To make our system more intelligent, we'll train a machine learning model to predict revenue loss probability:

# Prepare data for ML model
le = LabelEncoder()
df['service_type_encoded'] = le.fit_transform(df['service_type'])
df['terms_compliance_encoded'] = le.fit_transform(df['terms_compliance'])

columns_to_use = ['contract_value', 'service_type_encoded', 'terms_compliance_encoded']
X = df[columns_to_use]
y = df['potential_loss']

# Split data
from sklearn.model_selection import train_test_split
X_train, X_test, y_train, y_test = train_test_split(X, y, test_size=0.2, random_state=42)

# Train model
model = RandomForestClassifier(n_estimators=100, random_state=42)
model.fit(X_train, y_train)

# Evaluate model
accuracy = model.score(X_test, y_test)
print(f'Model Accuracy: {accuracy:.2f}')

The Random Forest model provides a good baseline for classification tasks and is robust to overfitting, making it suitable for enterprise applications where data quality can vary.

6. Generate Spend Recovery Report

Finally, we'll create a comprehensive report that highlights potential revenue recovery opportunities:

def generate_recovery_report(df, model):
    # Predict potential losses using ML model
    X_pred = df[columns_to_use]
    df['loss_probability'] = model.predict_proba(X_pred)[:, 1]
    
    # Identify high-risk contracts
    high_risk = df[df['loss_probability'] > 0.5]
    
    # Create summary statistics
    total_value = df['contract_value'].sum()
    potential_loss_value = high_risk['contract_value'].sum()
    
    print('=== Enterprise Spend Recovery Report ===')
    print(f'Total Contract Value: ${total_value:,}')
    print(f'Potential Loss Value: ${potential_loss_value:,}')
    print(f'Estimated Recovery Opportunity: ${total_value - potential_loss_value:,}')
    
    print('\nHigh-Risk Contracts:')
    print(high_risk[['contract_id', 'company_name', 'contract_value', 'loss_probability']])
    
    return high_risk

# Generate the report
high_risk_contracts = generate_recovery_report(df, model)

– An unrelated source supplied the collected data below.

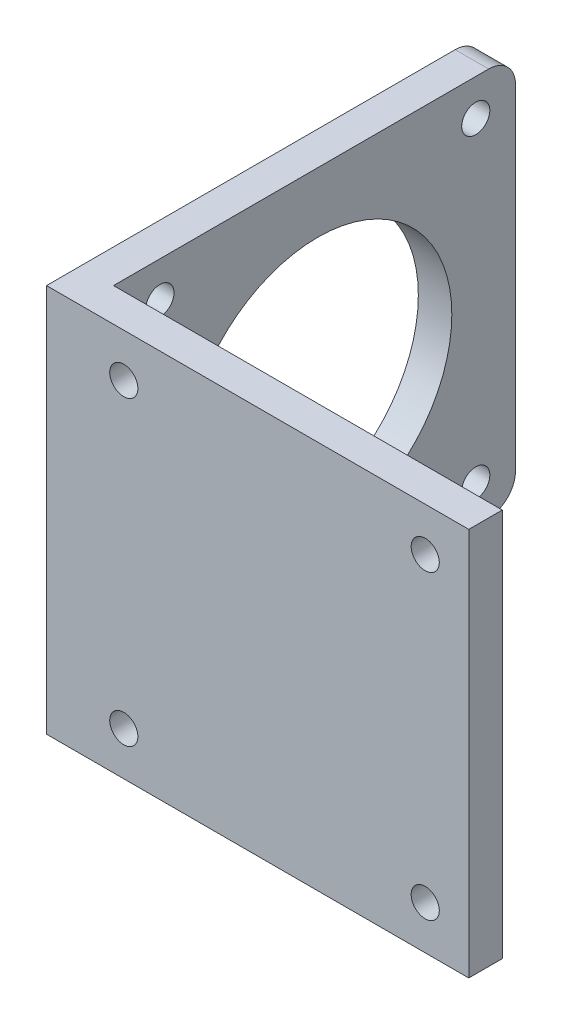
ISO-10303-21;
HEADER;
FILE_DESCRIPTION(('STEP AP214'),'2;1');
FILE_NAME('part.step','',(''),(''),'','','');
FILE_SCHEMA(('AUTOMOTIVE_DESIGN { 1 0 10303 214 1 1 1 1 }'));
ENDSEC;
DATA;
#1=APPLICATION_CONTEXT('core data for automotive mechanical design processes');
#2=APPLICATION_PROTOCOL_DEFINITION('international standard','automotive_design',2000,#1);
#3=PRODUCT_CONTEXT('',#1,'mechanical');
#4=PRODUCT('Part','Part','',(#3));
#5=PRODUCT_RELATED_PRODUCT_CATEGORY('part','',(#4));
#6=PRODUCT_DEFINITION_FORMATION('','',#4);
#7=PRODUCT_DEFINITION_CONTEXT('part definition',#1,'design');
#8=PRODUCT_DEFINITION('design','',#6,#7);
#9=PRODUCT_DEFINITION_SHAPE('','',#8);
#10=(LENGTH_UNIT() NAMED_UNIT(*) SI_UNIT(.MILLI.,.METRE.));
#11=(NAMED_UNIT(*) PLANE_ANGLE_UNIT() SI_UNIT($,.RADIAN.));
#12=(NAMED_UNIT(*) SI_UNIT($,.STERADIAN.) SOLID_ANGLE_UNIT());
#13=UNCERTAINTY_MEASURE_WITH_UNIT(LENGTH_MEASURE(1.E-05),#10,'distance_accuracy_value','');
#14=(GEOMETRIC_REPRESENTATION_CONTEXT(3) GLOBAL_UNCERTAINTY_ASSIGNED_CONTEXT((#13)) GLOBAL_UNIT_ASSIGNED_CONTEXT((#10,
#11,#12)) REPRESENTATION_CONTEXT('',''));
#15=CARTESIAN_POINT('',(0.,0.,0.));
#16=DIRECTION('',(0.,0.,1.));
#17=DIRECTION('',(1.,0.,0.));
#18=AXIS2_PLACEMENT_3D('',#15,#16,#17);
#19=CARTESIAN_POINT('',(63.0309944009184,58.,0.));
#20=DIRECTION('',(0.,0.,-1.));
#21=DIRECTION('',(-1.,0.,0.));
#22=AXIS2_PLACEMENT_3D('',#19,#20,#21);
#23=PLANE('',#22);
#24=CARTESIAN_POINT('',(11.5309944009184,6.49999999999999,0.));
#25=DIRECTION('',(0.,0.,1.));
#26=DIRECTION('',(1.,0.,0.));
#27=AXIS2_PLACEMENT_3D('',#24,#25,#26);
#28=CIRCLE('',#27,2.09999999999999);
#29=CARTESIAN_POINT('',(13.6309944009184,6.49999999999999,0.));
#30=VERTEX_POINT('',#29);
#31=EDGE_CURVE('E180',#30,#30,#28,.T.);
#32=ORIENTED_EDGE('',*,*,#31,.F.);
#33=EDGE_LOOP('',(#32));
#34=FACE_BOUND('',#33,.T.);
#35=CARTESIAN_POINT('',(11.5309944009184,51.5,0.));
#36=DIRECTION('',(0.,0.,1.));
#37=DIRECTION('',(1.,0.,0.));
#38=AXIS2_PLACEMENT_3D('',#35,#36,#37);
#39=CIRCLE('',#38,2.09999999999999);
#40=CARTESIAN_POINT('',(13.6309944009184,51.5,0.));
#41=VERTEX_POINT('',#40);
#42=EDGE_CURVE('E176',#41,#41,#39,.T.);
#43=ORIENTED_EDGE('',*,*,#42,.F.);
#44=EDGE_LOOP('',(#43));
#45=FACE_BOUND('',#44,.T.);
#46=CARTESIAN_POINT('',(56.5309944009184,51.5,0.));
#47=DIRECTION('',(0.,0.,1.));
#48=DIRECTION('',(1.,0.,0.));
#49=AXIS2_PLACEMENT_3D('',#46,#47,#48);
#50=CIRCLE('',#49,2.09999999999999);
#51=CARTESIAN_POINT('',(58.6309944009184,51.5,0.));
#52=VERTEX_POINT('',#51);
#53=EDGE_CURVE('E175',#52,#52,#50,.T.);
#54=ORIENTED_EDGE('',*,*,#53,.F.);
#55=EDGE_LOOP('',(#54));
#56=FACE_BOUND('',#55,.T.);
#57=CARTESIAN_POINT('',(56.5309944009184,6.5,0.));
#58=DIRECTION('',(0.,0.,1.));
#59=DIRECTION('',(1.,0.,0.));
#60=AXIS2_PLACEMENT_3D('',#57,#58,#59);
#61=CIRCLE('',#60,2.09999999999999);
#62=CARTESIAN_POINT('',(58.6309944009184,6.5,0.));
#63=VERTEX_POINT('',#62);
#64=EDGE_CURVE('E170',#63,#63,#61,.T.);
#65=ORIENTED_EDGE('',*,*,#64,.F.);
#66=EDGE_LOOP('',(#65));
#67=FACE_BOUND('',#66,.T.);
#68=DIRECTION('',(1.,0.,0.));
#69=VECTOR('',#68,1.);
#70=CARTESIAN_POINT('',(63.0309944009184,0.,0.));
#71=LINE('',#70,#69);
#72=CARTESIAN_POINT('',(0.,0.,0.));
#73=VERTEX_POINT('',#72);
#74=CARTESIAN_POINT('',(63.0309944009184,0.,0.));
#75=VERTEX_POINT('',#74);
#76=EDGE_CURVE('E152',#73,#75,#71,.T.);
#77=ORIENTED_EDGE('',*,*,#76,.T.);
#78=DIRECTION('',(0.,-1.,0.));
#79=VECTOR('',#78,1.);
#80=CARTESIAN_POINT('',(63.0309944009184,58.,0.));
#81=LINE('',#80,#79);
#82=CARTESIAN_POINT('',(63.0309944009184,58.,0.));
#83=VERTEX_POINT('',#82);
#84=EDGE_CURVE('E129',#83,#75,#81,.T.);
#85=ORIENTED_EDGE('',*,*,#84,.F.);
#86=DIRECTION('',(1.,0.,0.));
#87=VECTOR('',#86,1.);
#88=CARTESIAN_POINT('',(63.0309944009184,58.,0.));
#89=LINE('',#88,#87);
#90=CARTESIAN_POINT('',(0.,58.,0.));
#91=VERTEX_POINT('',#90);
#92=EDGE_CURVE('E137',#91,#83,#89,.T.);
#93=ORIENTED_EDGE('',*,*,#92,.F.);
#94=DIRECTION('',(0.,-1.,0.));
#95=VECTOR('',#94,1.);
#96=CARTESIAN_POINT('',(0.,58.,0.));
#97=LINE('',#96,#95);
#98=EDGE_CURVE('E218',#91,#73,#97,.T.);
#99=ORIENTED_EDGE('',*,*,#98,.T.);
#100=EDGE_LOOP('',(#77,#85,#93,#99));
#101=FACE_BOUND('',#100,.T.);
#102=ADVANCED_FACE('F42',(#34,#45,#56,#67,#101),#23,.F.);
#103=CARTESIAN_POINT('',(63.0309944009184,58.,-5.));
#104=DIRECTION('',(-1.,0.,0.));
#105=DIRECTION('',(0.,0.,1.));
#106=AXIS2_PLACEMENT_3D('',#103,#104,#105);
#107=PLANE('',#106);
#108=DIRECTION('',(0.,0.,-1.));
#109=VECTOR('',#108,1.);
#110=CARTESIAN_POINT('',(63.0309944009184,0.,-5.));
#111=LINE('',#110,#109);
#112=CARTESIAN_POINT('',(63.0309944009184,0.,-5.));
#113=VERTEX_POINT('',#112);
#114=EDGE_CURVE('E237',#75,#113,#111,.T.);
#115=ORIENTED_EDGE('',*,*,#114,.T.);
#116=DIRECTION('',(0.,-1.,0.));
#117=VECTOR('',#116,1.);
#118=CARTESIAN_POINT('',(63.0309944009184,58.,-5.));
#119=LINE('',#118,#117);
#120=CARTESIAN_POINT('',(63.0309944009184,58.,-5.));
#121=VERTEX_POINT('',#120);
#122=EDGE_CURVE('E132',#121,#113,#119,.T.);
#123=ORIENTED_EDGE('',*,*,#122,.F.);
#124=DIRECTION('',(0.,0.,-1.));
#125=VECTOR('',#124,1.);
#126=CARTESIAN_POINT('',(63.0309944009184,58.,-5.));
#127=LINE('',#126,#125);
#128=EDGE_CURVE('E125',#83,#121,#127,.T.);
#129=ORIENTED_EDGE('',*,*,#128,.F.);
#130=ORIENTED_EDGE('',*,*,#84,.T.);
#131=EDGE_LOOP('',(#115,#123,#129,#130));
#132=FACE_BOUND('',#131,.T.);
#133=ADVANCED_FACE('F127',(#132),#107,.F.);
#134=CARTESIAN_POINT('',(5.00000000000001,58.,-5.));
#135=DIRECTION('',(0.,0.,1.));
#136=DIRECTION('',(1.,0.,0.));
#137=AXIS2_PLACEMENT_3D('',#134,#135,#136);
#138=PLANE('',#137);
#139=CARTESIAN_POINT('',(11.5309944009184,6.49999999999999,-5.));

This report provides actionable insights that enterprise decision-makers can use to prioritize recovery efforts.

7. Visualize Results

Visualizing our findings helps stakeholders understand the data more effectively:

import matplotlib.pyplot as plt

# Plot contract values by risk level
plt.figure(figsize=(10, 6))
plt.hist([df[df['potential_loss']==1]['contract_value'], df[df['potential_loss']==0]['contract_value']], 
         bins=10, label=['High Risk', 'Low Risk'], alpha=0.7)
plt.xlabel('Contract Value')
plt.ylabel('Frequency')
plt.title('Distribution of Contract Values by Risk Level')
plt.legend()
plt.show()

Charts and graphs make complex data more accessible and help communicate findings to non-technical stakeholders.

Summary

This tutorial demonstrated how to build a foundational spend recovery system that mimics the core functionality of enterprise AI solutions like Rivvun AI. We created a system that:

Loads and explores enterprise contract data
Identifies potential revenue losses through rule-based logic
Implements machine learning for predictive analysis
Generates comprehensive recovery reports
Visualizes findings for stakeholder communication

While this is a simplified prototype, it demonstrates the core principles that enterprise AI systems use to identify and recover lost revenue. In real-world applications, such systems would integrate with enterprise resource planning (ERP) systems, process large volumes of data, and continuously learn from new information to improve accuracy over time.